Притихшая толпа внимательно выслушала телеграмму, подписанную Чаплинским, а за ней другую - уже от имени Петропавловского комитета общественного спасения, в которой предлагалось избрать такого же рода комитет и в Анадырском уезде.
Слово взял Тренев:
- Комитет общественного спасения будет осуществлять полноту власти в уезде, согласуя действия с Временным правительством в Петрограде, с правительством демократического большинства. Самодержавие пало, да здравствует конституция!
Многие не поняли последнего слова и загалдели, требуя объяснения.
- Конституция - это правление без царя, - пояснил Тренев. - Граждане, просим высказать свои предложения по составу комитета.
Каширин протолкнулся вперед, отстранил секретаря уездного правления Оноприенко и крикнул:
- Граждане анадырцы! Есть такое соображение - власть-то чья? Народная! Народ-то, он разный. У одних, значит, и сети и рыбалки, у других ничего, окромя старательского лотка. И еще - как местный народ?
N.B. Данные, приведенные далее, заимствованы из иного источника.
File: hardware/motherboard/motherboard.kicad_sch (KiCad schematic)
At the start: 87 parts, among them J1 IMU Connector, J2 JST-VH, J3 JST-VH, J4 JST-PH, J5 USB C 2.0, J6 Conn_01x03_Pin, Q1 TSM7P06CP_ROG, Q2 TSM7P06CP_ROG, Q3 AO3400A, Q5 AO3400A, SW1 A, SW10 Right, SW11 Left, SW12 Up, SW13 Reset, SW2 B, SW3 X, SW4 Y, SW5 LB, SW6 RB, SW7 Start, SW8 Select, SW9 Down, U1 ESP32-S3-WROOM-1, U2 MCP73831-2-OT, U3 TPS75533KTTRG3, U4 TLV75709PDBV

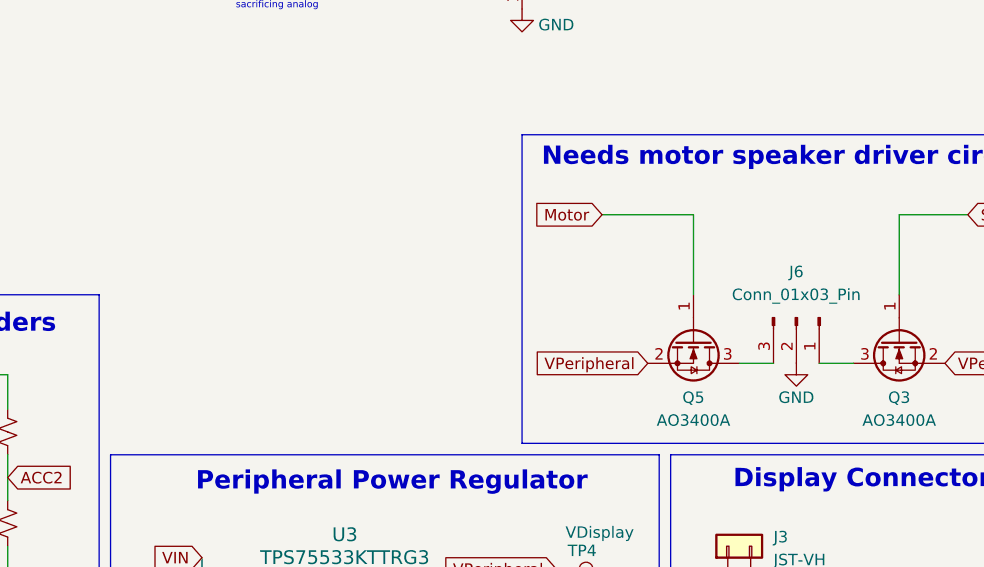
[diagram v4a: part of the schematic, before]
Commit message: Updated Mounting Holes
Made display holes M3

Matching hole pattern on motherboard to mount display.

Distributed 4, M3 mounting holes throuhout motherboard
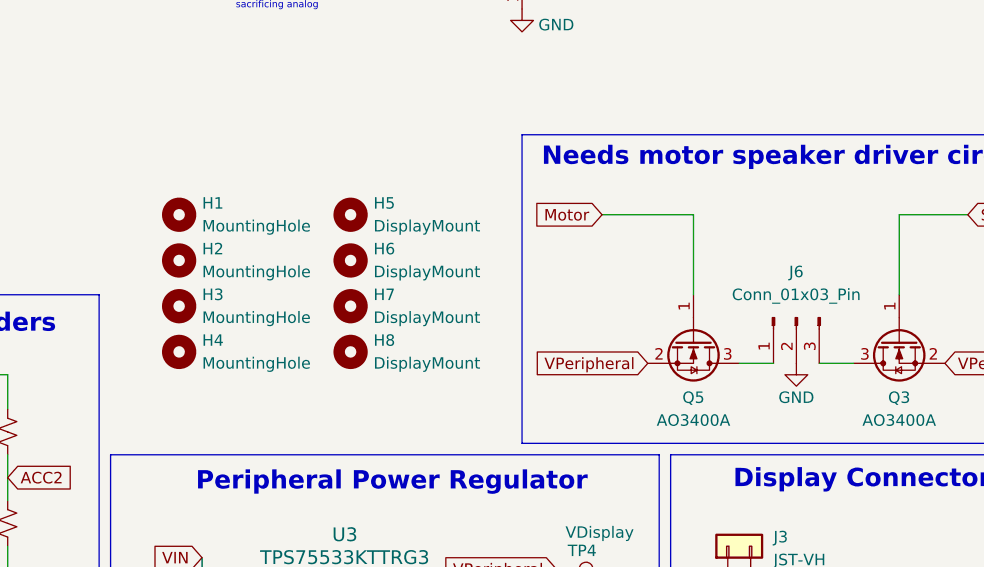
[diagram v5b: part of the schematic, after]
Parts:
- added H1, H2, H3, H4: MountingHole, MountingHole:MountingHole_3.2mm_M3_Pad, symbol Mechanical:MountingHole
- added H5, H6, H7, H8: DisplayMount, MountingHole:MountingHole_3.2mm_M3_Pad, symbol Mechanical:MountingHole
- J6: footprint Connector_JST:JST_EH_S3B-EH_1x03_P2.50mm_Horizontal -> Connector_JST:JST_PH_S3B-PH-K_1x03_P2.00mm_Horizontal
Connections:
- net at J6.1 (Pin_1): now also Q5.3 (D); no longer Q3.3 (D)
- net at J6.3 (Pin_3): now also Q3.3 (D); no longer Q5.3 (D)
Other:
- moved on the sheet: J6

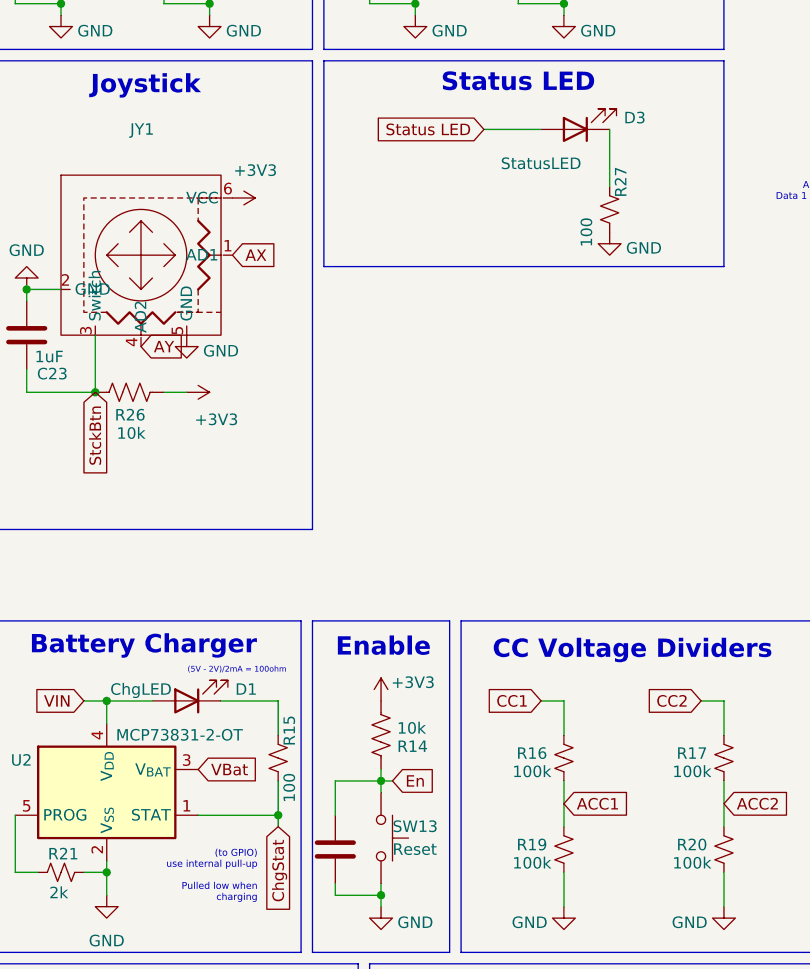
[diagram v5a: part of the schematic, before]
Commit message: Updated Motherboard and Minor Display Changes
Updated Joystick Position, Moved Display Board Port

other small fixes
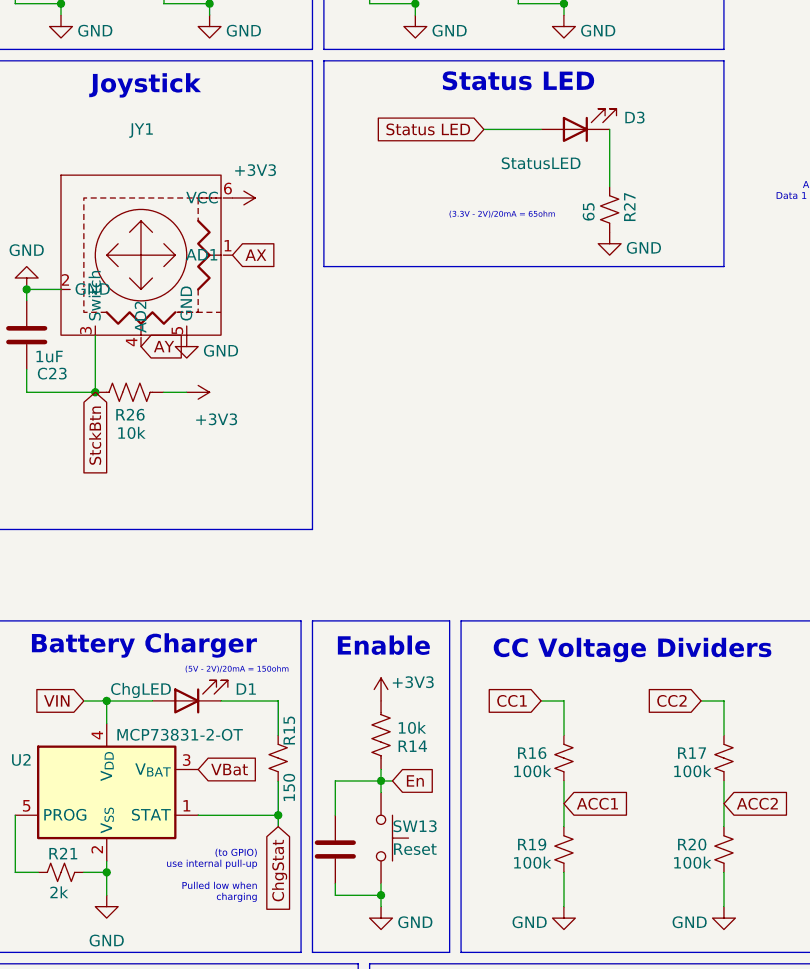
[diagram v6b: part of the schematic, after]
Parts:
- D1, D3: footprint LED_SMD:LED_1206_3216Metric -> LED_SMD:LED_1206_3216Metric_Pad1.42x1.75mm_HandSolder
- R15: value 100 -> 150
- R27: value 100 -> 65
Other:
- note added: "(3.3V - 2V)/20mA = 65ohm"
- note added: "(5V - 2V)/20mA = 150ohm"
- note removed: "(5V - 2V)/2mA = 100ohm"
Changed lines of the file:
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@@
 		)
 	)
-	(text "(5V - 2V)/2mA = 100ohm"
+	(text "(5V - 2V)/20mA = 150ohm"
 		(exclude_from_sim no)
 		(at 110.998 118.618 0)
@@
 		)
 	)
+	(text "(3.3V - 2V)/20mA = 65ohm"
+		(exclude_from_sim no)
+		(at 140.462 68.072 0)
+		(effects
+			(font
+				(size 0.635 0.635)
+			)
+		)
+	)
 	(text "A/B/X/Y"
 		(exclude_from_sim no)
@@
 			)
 		)
-		(property "Footprint" "LED_SMD:LED_1206_3216Metric"
+		(property "Footprint" "LED_SMD:LED_1206_3216Metric_Pad1.42x1.75mm_HandSolder"
 			(at 105.41 121.92 0)
 			(effects
@@
 			)
 		)
-		(property "Value" "100"
+		(property "Value" "150"
 			(at 116.84 131.572 90)
 			(effects
@@
 		(dnp no)
 		(property "Reference" "R27"
-			(at 153.67 64.262 90)
+			(at 154.686 67.056 90)
 			(effects
 				(font
@@
 			)
 		)
-		(property "Value" "100"
-			(at 149.86 69.85 90)
+		(property "Value" "65"
+			(at 150.114 67.564 90)
 			(effects
 				(font
@@
 			)
 		)
-		(property "Footprint" "LED_SMD:LED_1206_3216Metric"
+		(property "Footprint" "LED_SMD:LED_1206_3216Metric_Pad1.42x1.75mm_HandSolder"
 			(at 148.59 58.42 0)
 			(effects

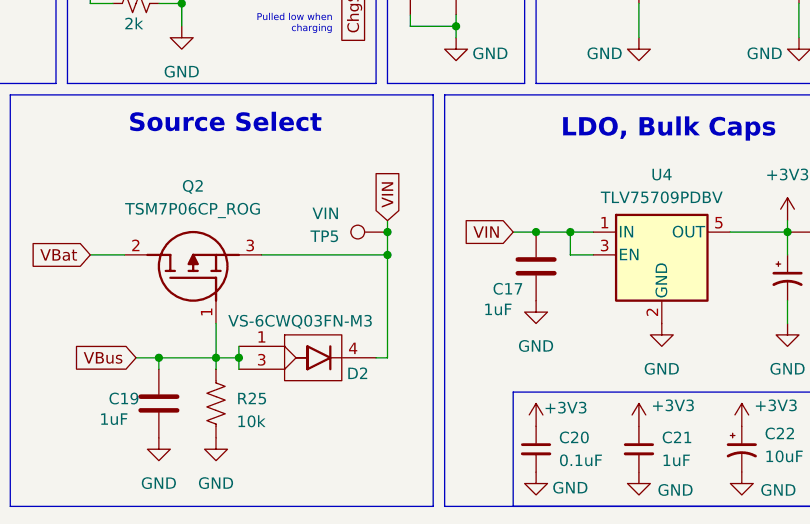
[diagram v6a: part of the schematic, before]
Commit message: ERC and DRC Checks
Made slight modifications to schematics and layouts to ensure ERCs and DRCs pass on both boards.

Made some exclusions for irrelevant warnings.
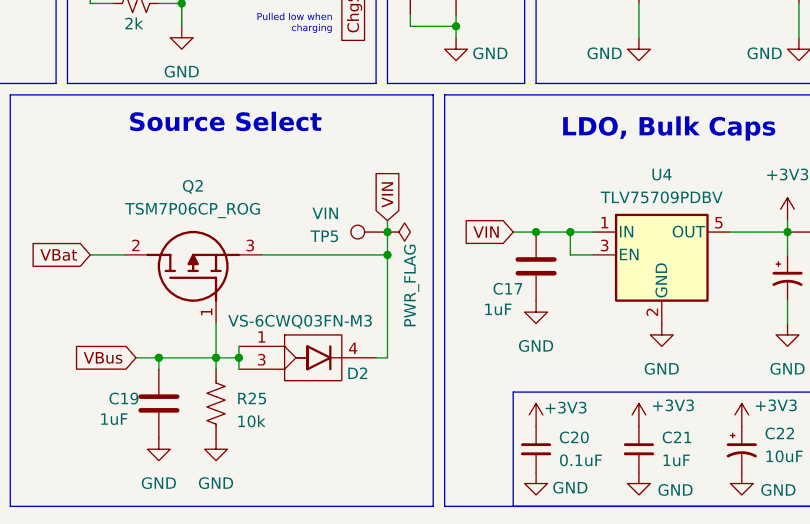
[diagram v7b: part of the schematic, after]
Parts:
- U3: footprint esp32_handheld:KTT5_6P22X6P86 -> KTT5_6P22X6P86
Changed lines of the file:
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@@
 	)
 	(symbol
+		(lib_id "power:PWR_FLAG")
+		(at 119.38 166.37 270)
+		(unit 1)
+		(exclude_from_sim no)
+		(in_bom yes)
+		(on_board yes)
+		(dnp no)
+		(property "Reference" "#FLG01"
+			(at 121.285 166.37 0)
+			(effects
+				(font
+					(size 1.27 1.27)
+				)
+				(hide yes)
+			)
+		)
+		(property "Value" "PWR_FLAG"
+			(at 121.92 167.64 0)
+			(effects
+				(font
+					(size 1.27 1.27)
+				)
+				(justify left)
+			)
+		)
+		(property "Footprint" ""
+			(at 119.38 166.37 0)
+			(effects
+				(font
+					(size 1.27 1.27)
+				)
+				(hide yes)
+			)
+		)
+		(property "Datasheet" "~"
+			(at 119.38 166.37 0)
+			(effects
+				(font
+					(size 1.27 1.27)
+				)
+				(hide yes)
+			)
+		)
+		(property "Description" "Special symbol for telling ERC where power comes from"
+			(at 119.38 166.37 0)
+			(effects
+				(font
+					(size 1.27 1.27)
+				)
+				(hide yes)
+			)
+		)
+		(pin "1"
+		)
+		(instances
+			(project ""
+				(path "/4bd92664-563a-4440-acf2-e22b0a15db62"
+					(reference "#FLG01")
+					(unit 1)
+				)
+			)
+		)
+	)
+	(symbol
 		(lib_id "power:GND")
 		(at 135.89 173.99 0)
@@
 	)
 	(symbol
+		(lib_name "Conn_01x02_1")
 		(lib_id "Connector_Generic:Conn_01x02")
 		(at 20.32 121.92 270)
@@
 			)
 		)
-		(property "Footprint" "esp32_handheld:KTT5_6P22X6P86"
+		(property "Footprint" "KTT5_6P22X6P86"
 			(at 183.896 131.064 0)
 			(effects

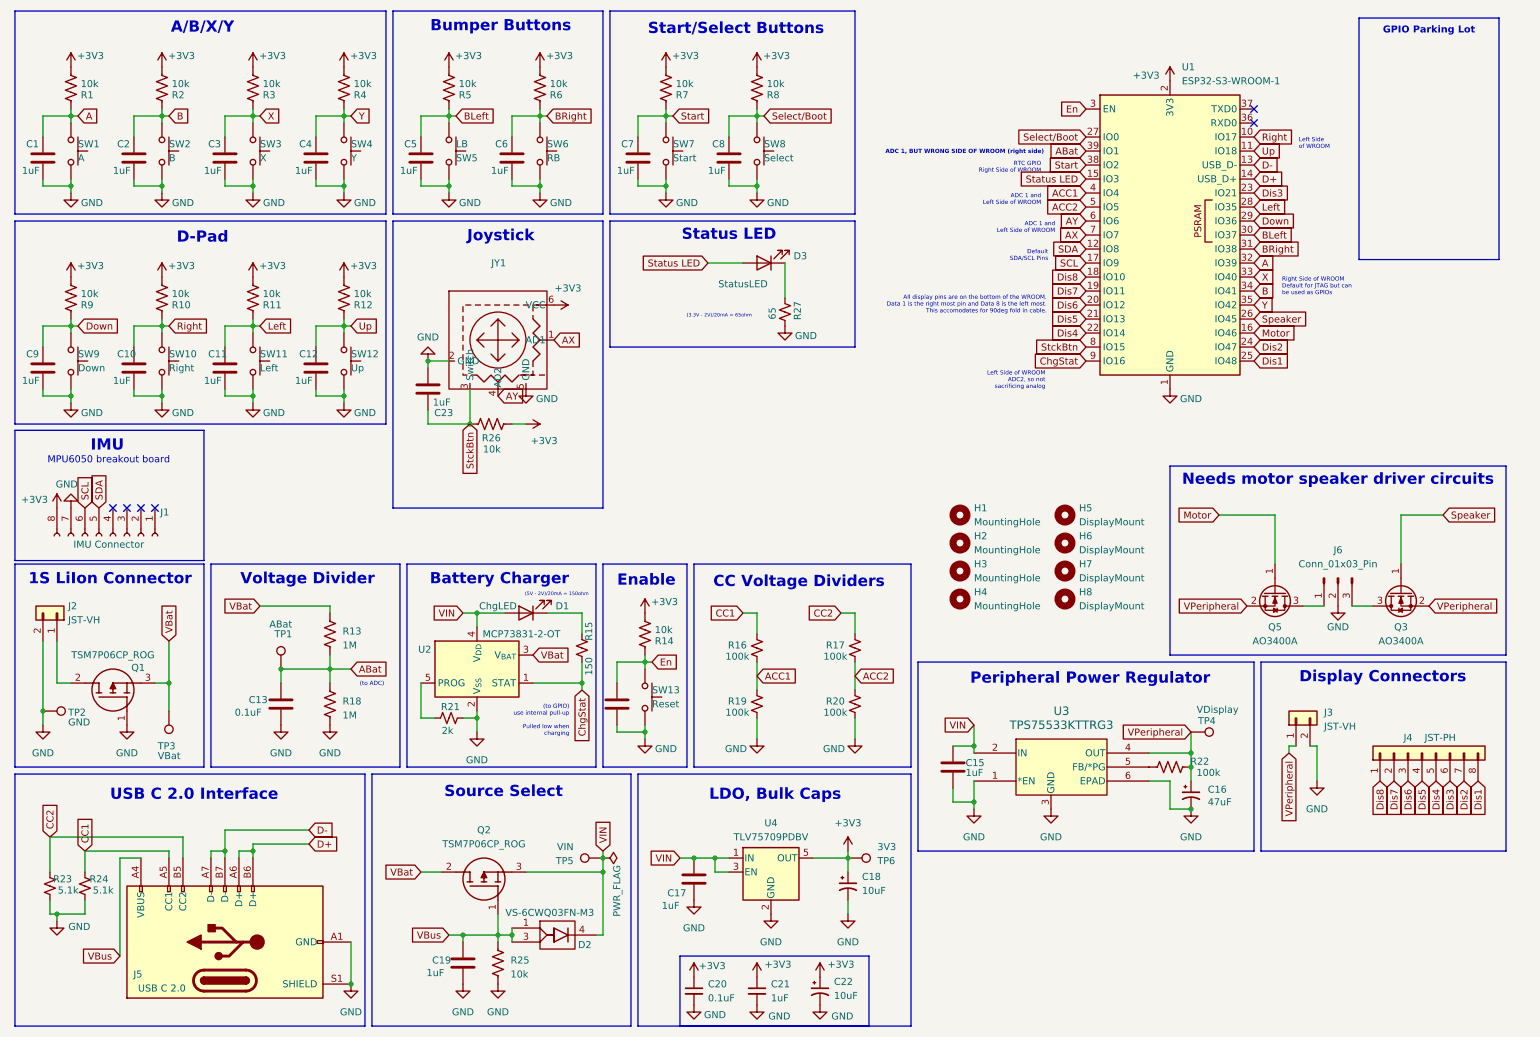
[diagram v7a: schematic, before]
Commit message: Quick modifications to add a high-side pmos switch between the battery and the display board
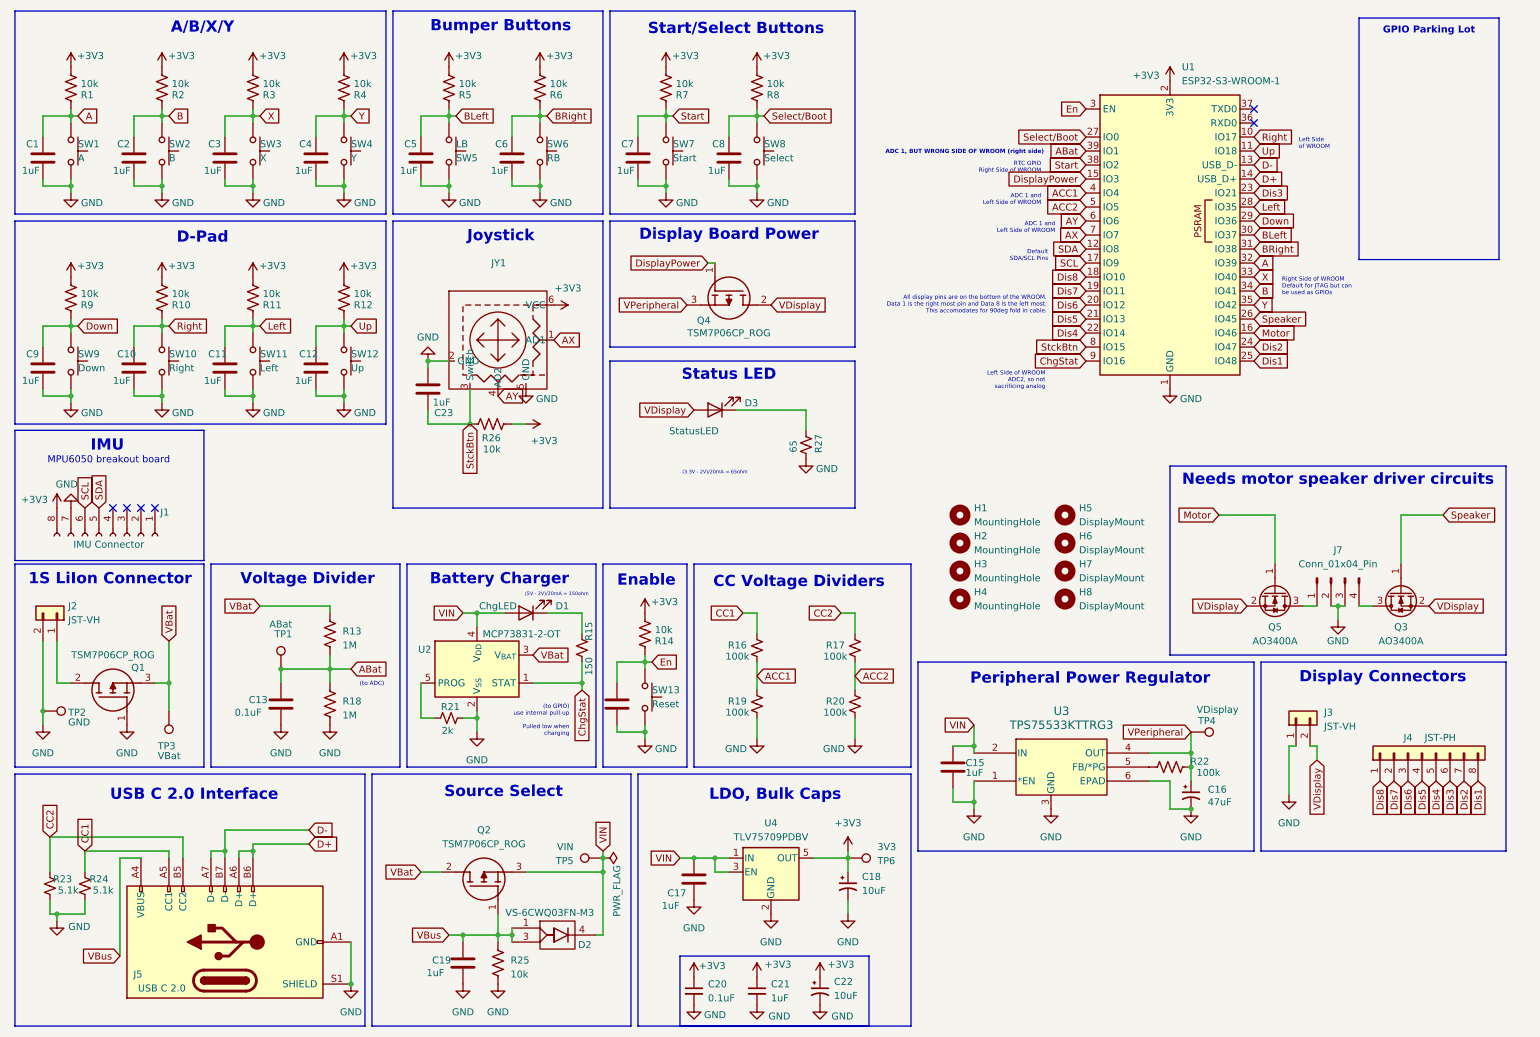
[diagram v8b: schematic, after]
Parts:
- removed J6: Conn_01x03_Pin, Connector_JST:JST_PH_S3B-PH-K_1x03_P2.00mm_Horizontal, symbol Connector:Conn_01x03_Pin
- added J7: Conn_01x04_Pin, Connector_JST:JST_PH_S4B-PH-K_1x04_P2.00mm_Horizontal, symbol Connector:Conn_01x04_Pin
- added Q4: TSM7P06CP_ROG, esp32_handheld:TRANS_TSM7P06CP_ROG, symbol esp32_handheld:TSM7P06CP_ROG
- U3: footprint KTT5_6P22X6P86 -> esp32_handheld:KTT5_6P22X6P86
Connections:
- net GND: now also J3.1 (Pin_1), J7.2 (Pin_2), J7.3 (Pin_3); no longer J3.2 (Pin_2)
- net VPeripheral: now also Q4.3 (S); no longer J3.1 (Pin_1), Q3.2 (S), Q5.2 (S)
- net at Q5.3 (D): now also J7.1 (Pin_1)
- net at Q3.3 (D): now also J7.4 (Pin_4)
- net Status LED renamed DisplayPower
- net DisplayPower: now also Q4.1 (G); no longer D3.2 (A)
- new net VDisplay: D3.2 (A), J3.2 (Pin_2), Q3.2 (S), Q4.2 (D), Q5.2 (S)
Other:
- note added: "Display Board Power"
- moved on the sheet: D3, R27

Будет ли он к новой власти причастен или же нет?
- Понятие народа - понятие демократическое, - принялся объяснять Тренев. - Народ включает в себя представителей всех сословий, но могущих нести ответственность за безопасность населения, печься о благе и иметь соображение…
- Ты говори прямо, Тренев, не юли, - тихо, но внятно попросил его Каширин,
- Местное население по причине крайней дикости, невежеству и склонности к пьянству не может быть привлечено к управлению краем…
- Посмотришь - вокруг - одни трезвенники, - зло заметил Каширин.
Начали выкликать имена будущих членов комитета.
Первым был назван Асаевич. Видно, телеграммы, которые он принимал, неожиданно повысили его авторитет.
Тренев, примостившись у края стола, записывал фамилии.
Рыбак Ермачков выкликнул:
- Петра Каширина в комитет!
Кроме Каширина, в комитет прошли делопроизводитель уездного полицейского управления Мишин, Иван Тренев, промышленник Бессекерский и еще несколько человек. Уездным комиссаром после долгих споров был избран Матвей Станчиковский, бывший помощник начальника полицейского управления.
Возбужденные, но несколько растерянные расходились по домам жители Ново-Мариинского поста.
Начальник Анадырского уезда Царегородцев подъезжал к Ново-Мариинску со стороны Туманского мыса. Каюр Иван Куркутский, имевший родичей и знакомых по всей тундре от Ново-Мариинского поста до Маркова, правил собаками и пел песню, в которой смешалось все - и радость по поводу возвращения домой, и прямые намеки на то, что высокий начальник будет щедр при расплате и поверх всего выдаст бутылку огненной дурной веселящей воды.
Царегородцев, намерзшийся и предельно уставший за долгую поездку, наглядевшийся на нищету и грязь, испытывал не меньшую радость по поводу возвращения, предвкушая горячую баню, чистую теплую постель и жаркое тело своей благоверной.
Сердце и душа таяли при этих мыслях, и он, прервав песню каюра, громко сказал:
- Ладно, Ваня, будет тебе бутылка…
- Спасибо, вот спасибо! - Каюр обернулся на пассажира. - Я всегда думал, что ты широкий человек и душа твоя щедрая… Да не обойдет тебя милостью своей бог…
Куркутский перекрестился.
- Скажи, Ваня. - Царегородцев старался найти удобное место на мерзлых рыбинах собачьего корма. - Какого же роду-племени ты человек? По наружности ты вроде бы на чукчу похож, но крестишься да и по-русски похоже говоришь…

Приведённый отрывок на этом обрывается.